Suppose you have a square. Now, let $L$ be the set of all lines that can be drawn in the area described by the square, and let $P$ be the set of all points in all the lines in $L$.
Would the cardinality of $P$ be greater or less than $L$, or is this one of those times in which the infinite desecrates our logic?
On
The cardinality of the whole square is $\mathfrak c\cdot\mathfrak c=2^{\aleph_0}\cdot 2^{\aleph_0}=2^{\aleph_0+\aleph_0}=2^{\aleph_0}=\mathfrak c $. So, $|P|=\mathfrak c $.
Now I wasn't sure if you meant straight lines or any (e.g. curved) lines, so I'll do the calculation for the latter. Each line in the square is a continuous map from $[0,1] $ to $P $, but it is uniquely determined by its values on $\mathbb Q\cap [0,1] $, so $|L|\le \mathfrak c^{\aleph_0}=(2^{\aleph_0})^{\aleph_0}=2^{\aleph_0\cdot\aleph_0}=2^{\aleph_0}=\mathfrak c $. Because, trivially, $|L|\ge\mathfrak c $, you end up with $|L|=\mathfrak c$.

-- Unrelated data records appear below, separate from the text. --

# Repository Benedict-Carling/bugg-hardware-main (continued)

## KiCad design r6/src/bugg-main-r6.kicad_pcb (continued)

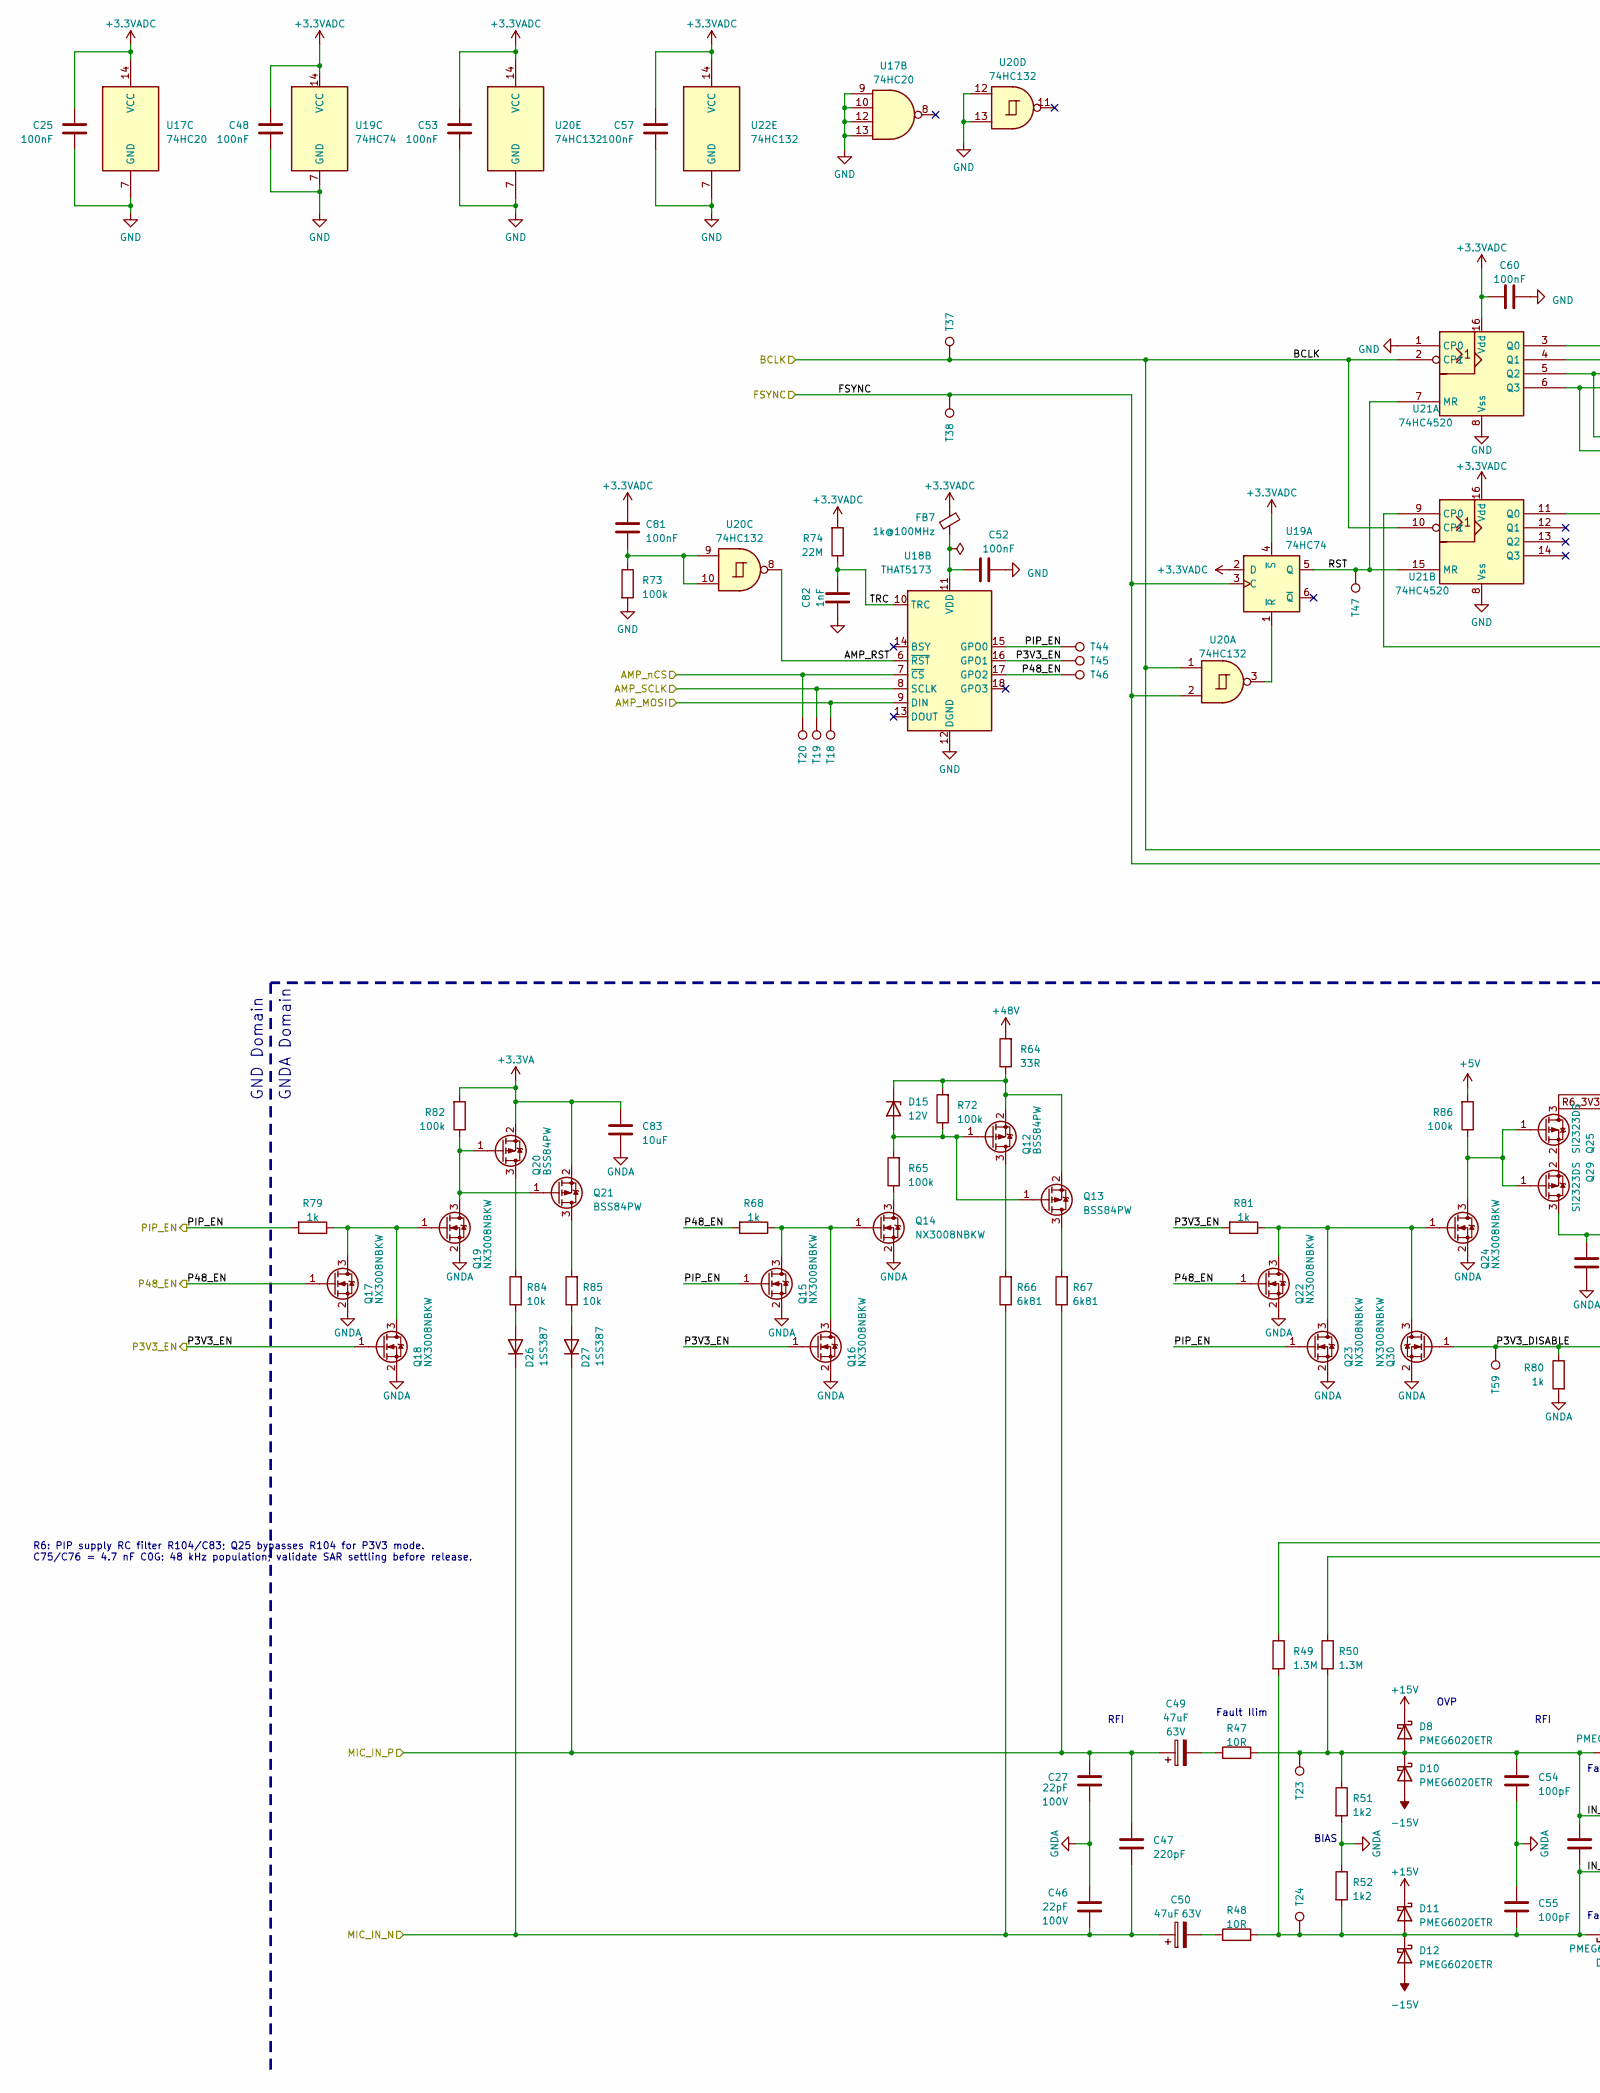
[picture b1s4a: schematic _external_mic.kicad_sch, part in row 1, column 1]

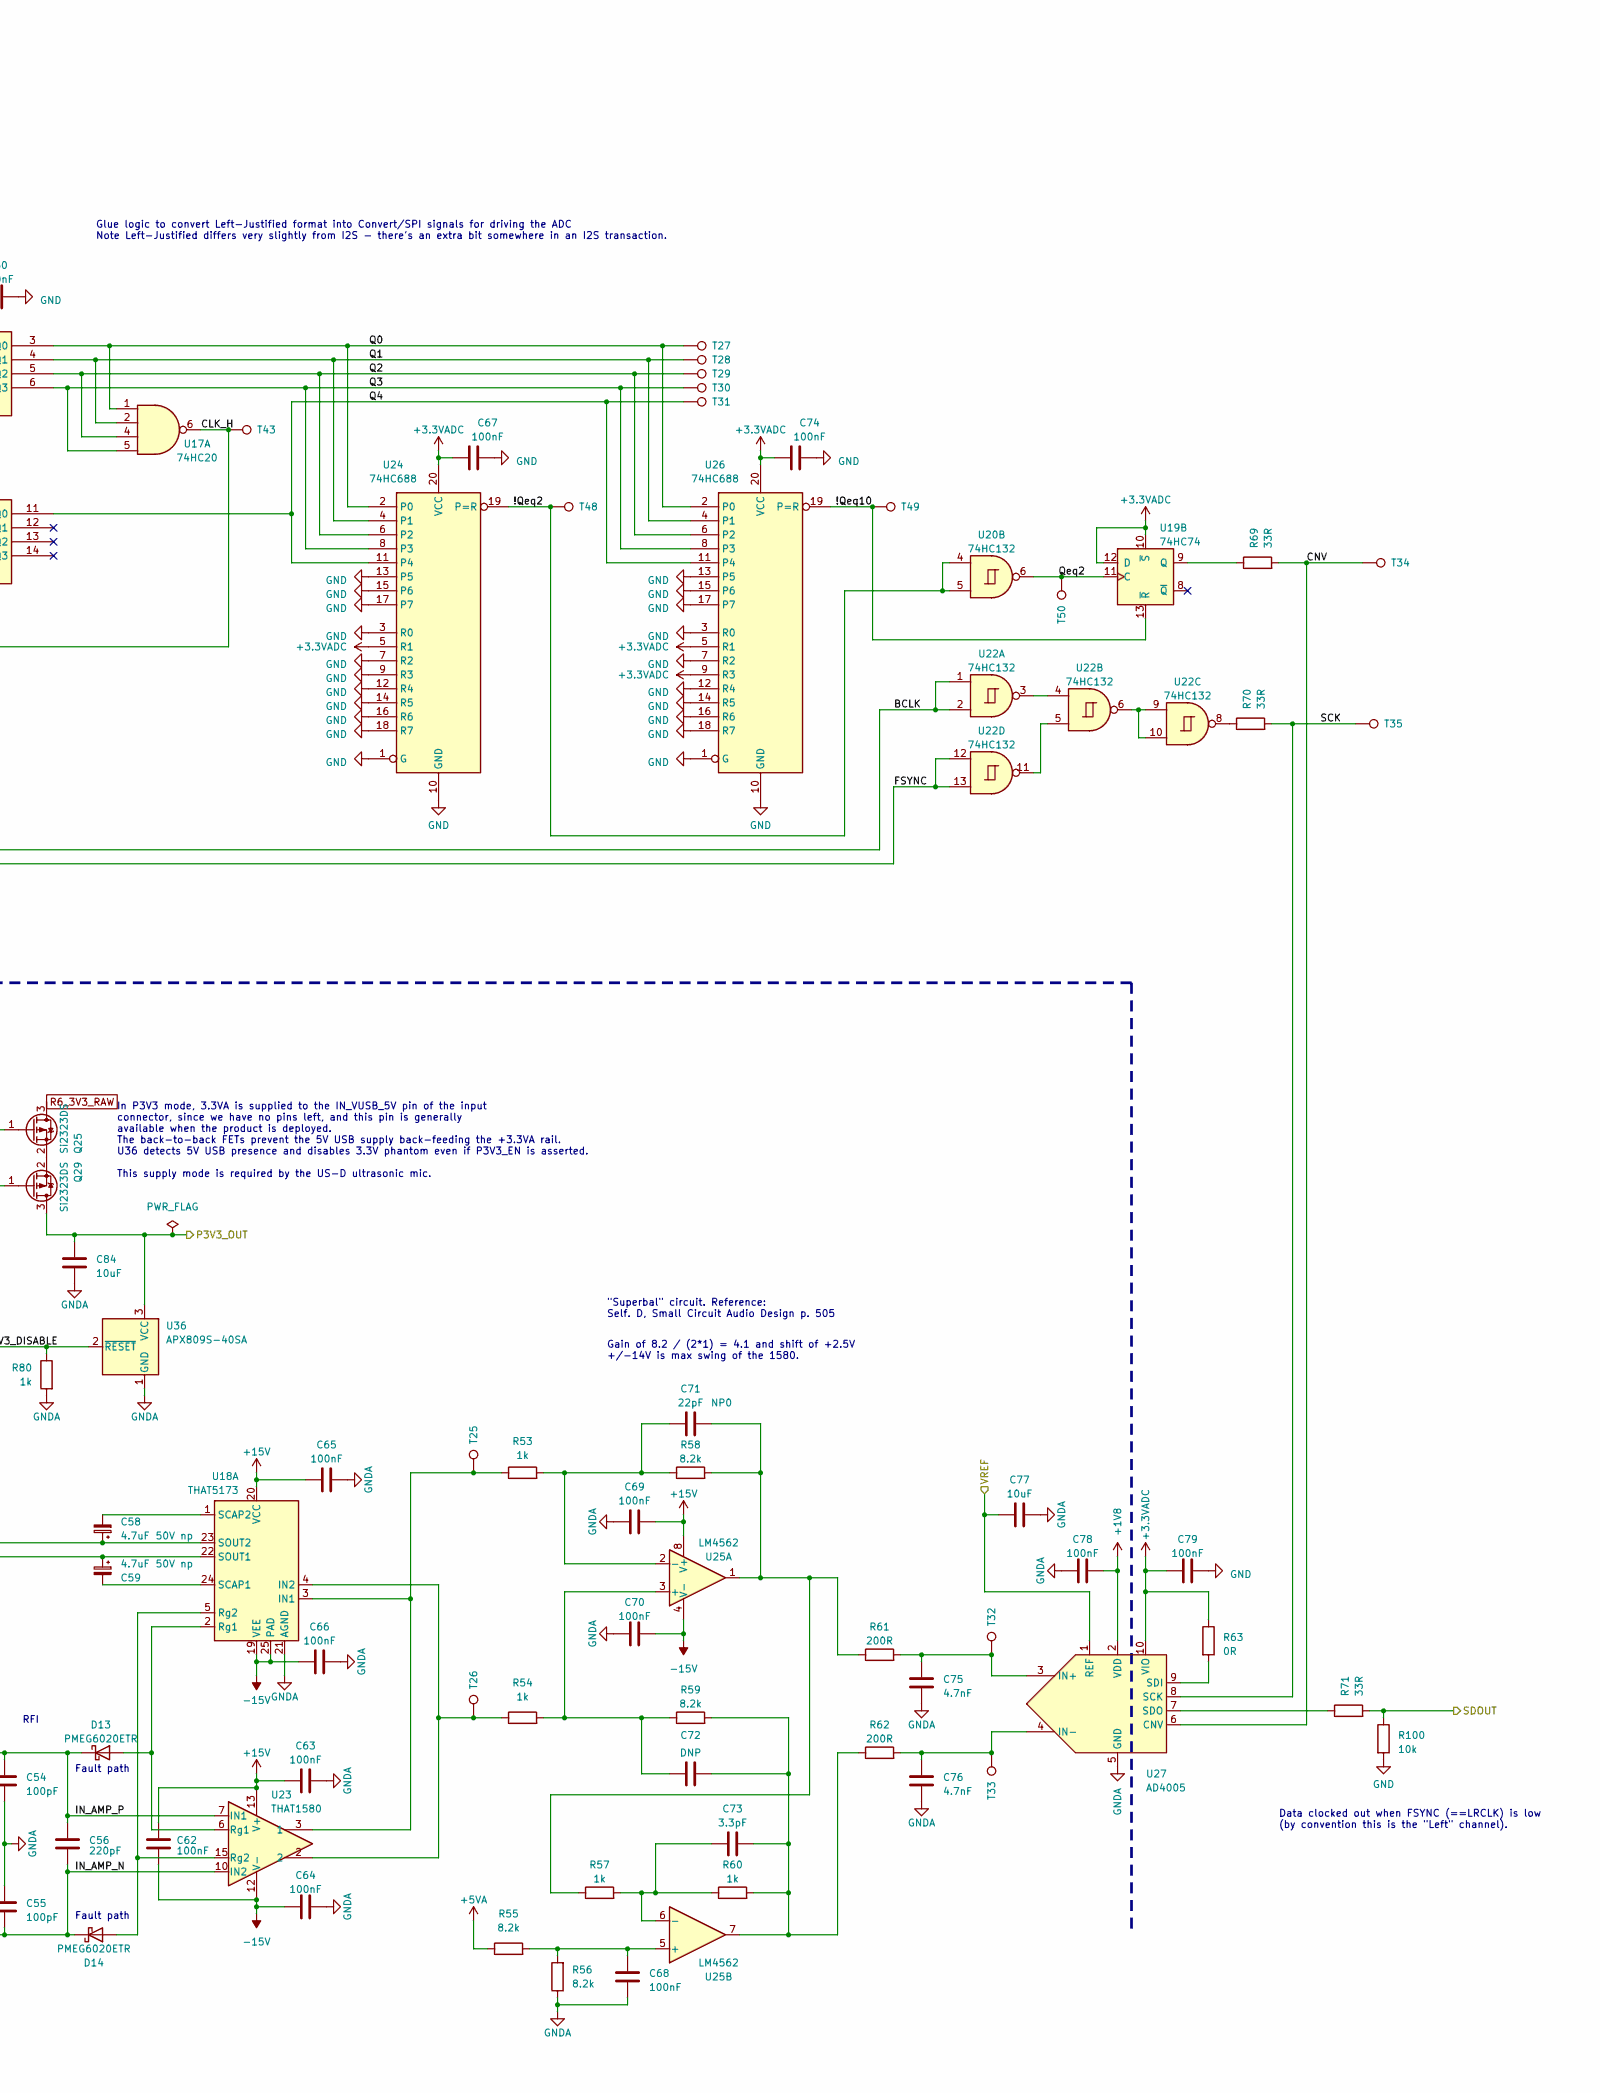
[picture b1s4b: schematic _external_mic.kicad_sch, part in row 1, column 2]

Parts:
C25, C48, C52, C53, C57, C60, C62, C63, C64, C65, C66, C67, C68, C69, C70, C74, C78, C79, C81: 100nF; C_0402_1005Metric; Voltage 50V; MPN GRM155R71H104KE14D; Mouser 81-GRM155R71H104KE4D
C27, C46, C71: 22pF; C_0402_1005Metric; Voltage 100V
C47, C56: 220pF; C_0402_1005Metric
C49, C50: 47uF; CP_Elec_8x10.5; Voltage 63V; MPN EMVH630ADA470MHA0G; Mouser 565-4268-1-ND
C54, C55: 100pF; C_0402_1005Metric
C58, C59: 4.7uF; CP_Elec_5x5.4; Voltage 50V np; MPN 865250642008; Mouser 710-865250642008
C72: DNP; C_0402_1005Metric
C73: 3.3pF; C_0402_1005Metric
C75, C76: 4.7nF; C_0402_1005Metric; MPN GRM1555C1H472JE01D
C77, C83, C84: 10uF; C_0603_1608Metric; Voltage 6.3V; MPN CL10A106MQ8NNNC; Mouser 187-CL10A106MQ8NNNC
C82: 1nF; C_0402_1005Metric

Thus, $|P|=|L|=\mathfrak c $.
Finally, I was not sure, when you said "points in all the lines" whether you wanted the points in the square to be double-counted (as they belong to multiple lines). Still that number is at most $|L\times [0,1]|=\mathfrak c\cdot \mathfrak c=\mathfrak c $ - the same cardinality again!
They both have the same cardinality - namely, $2^{\aleph_0}$
(Note that contrary to what you may see in some popular mathematics textbooks, this is not the same thing as $\aleph_1$ - or rather, the question of whether $\aleph_1=2^{\aleph_0}$ is known to not be answerable from the usual axioms of set theory.)
In response to your comment
note that in fact every infinite set $A$ has the same cardinality as its square (= the set of pairs of elements of $A$)! This is an important difference between infinite and finite sets. Looking at Hilbert's hotel first might give you a good sense of how this can be the case.
A minor subtlety, which should be ignored until the rest of the answer is understood:
The statement "Every infinite set has the same cardinality as its square" is in fact equivalent to the axiom of choice. So there's a reasonable question here: if we disallow the axiom of choice, then can we distinguish between $\mathbb{R}$ and $\mathbb{R}^2$ in terms of cardinality?
However, the answer is still "no" - while the general fact requires choice, the specific instance we're interested in here is provable without choice. In fact, we can write down explicit bijections between $\mathbb{R}$ and $\mathbb{R}^2$.
In full detail, these are somewhat messy; however, let me give a hint which will hopefully let you come up with one yourself:
First, let's try the simpler task of finding a bijection between $[0, 1)$ and $[0, 1)^2$. This certainly doesn't seem any easier.
Well, any element of $[0, 1)$ is really just a sequence of digits - its decimal expansion. So I'm really asking how to turn two infinite sequences into one infinite sequence.
There's a natural way to do this: interleaving! E.g. I can combine the sequences $111111111...$ and $345345345...$ to get the sequence $$131415131415131415...$$ So my first guess at a bijection is: "interleave the decimal digits."
Turns out that doesn't quite work. (HINT: think about things like $0.99999...=1$.) Can you see how to fix it? Can you see how to then get a bijection from $\mathbb{R}$ to $\mathbb{R}^2$?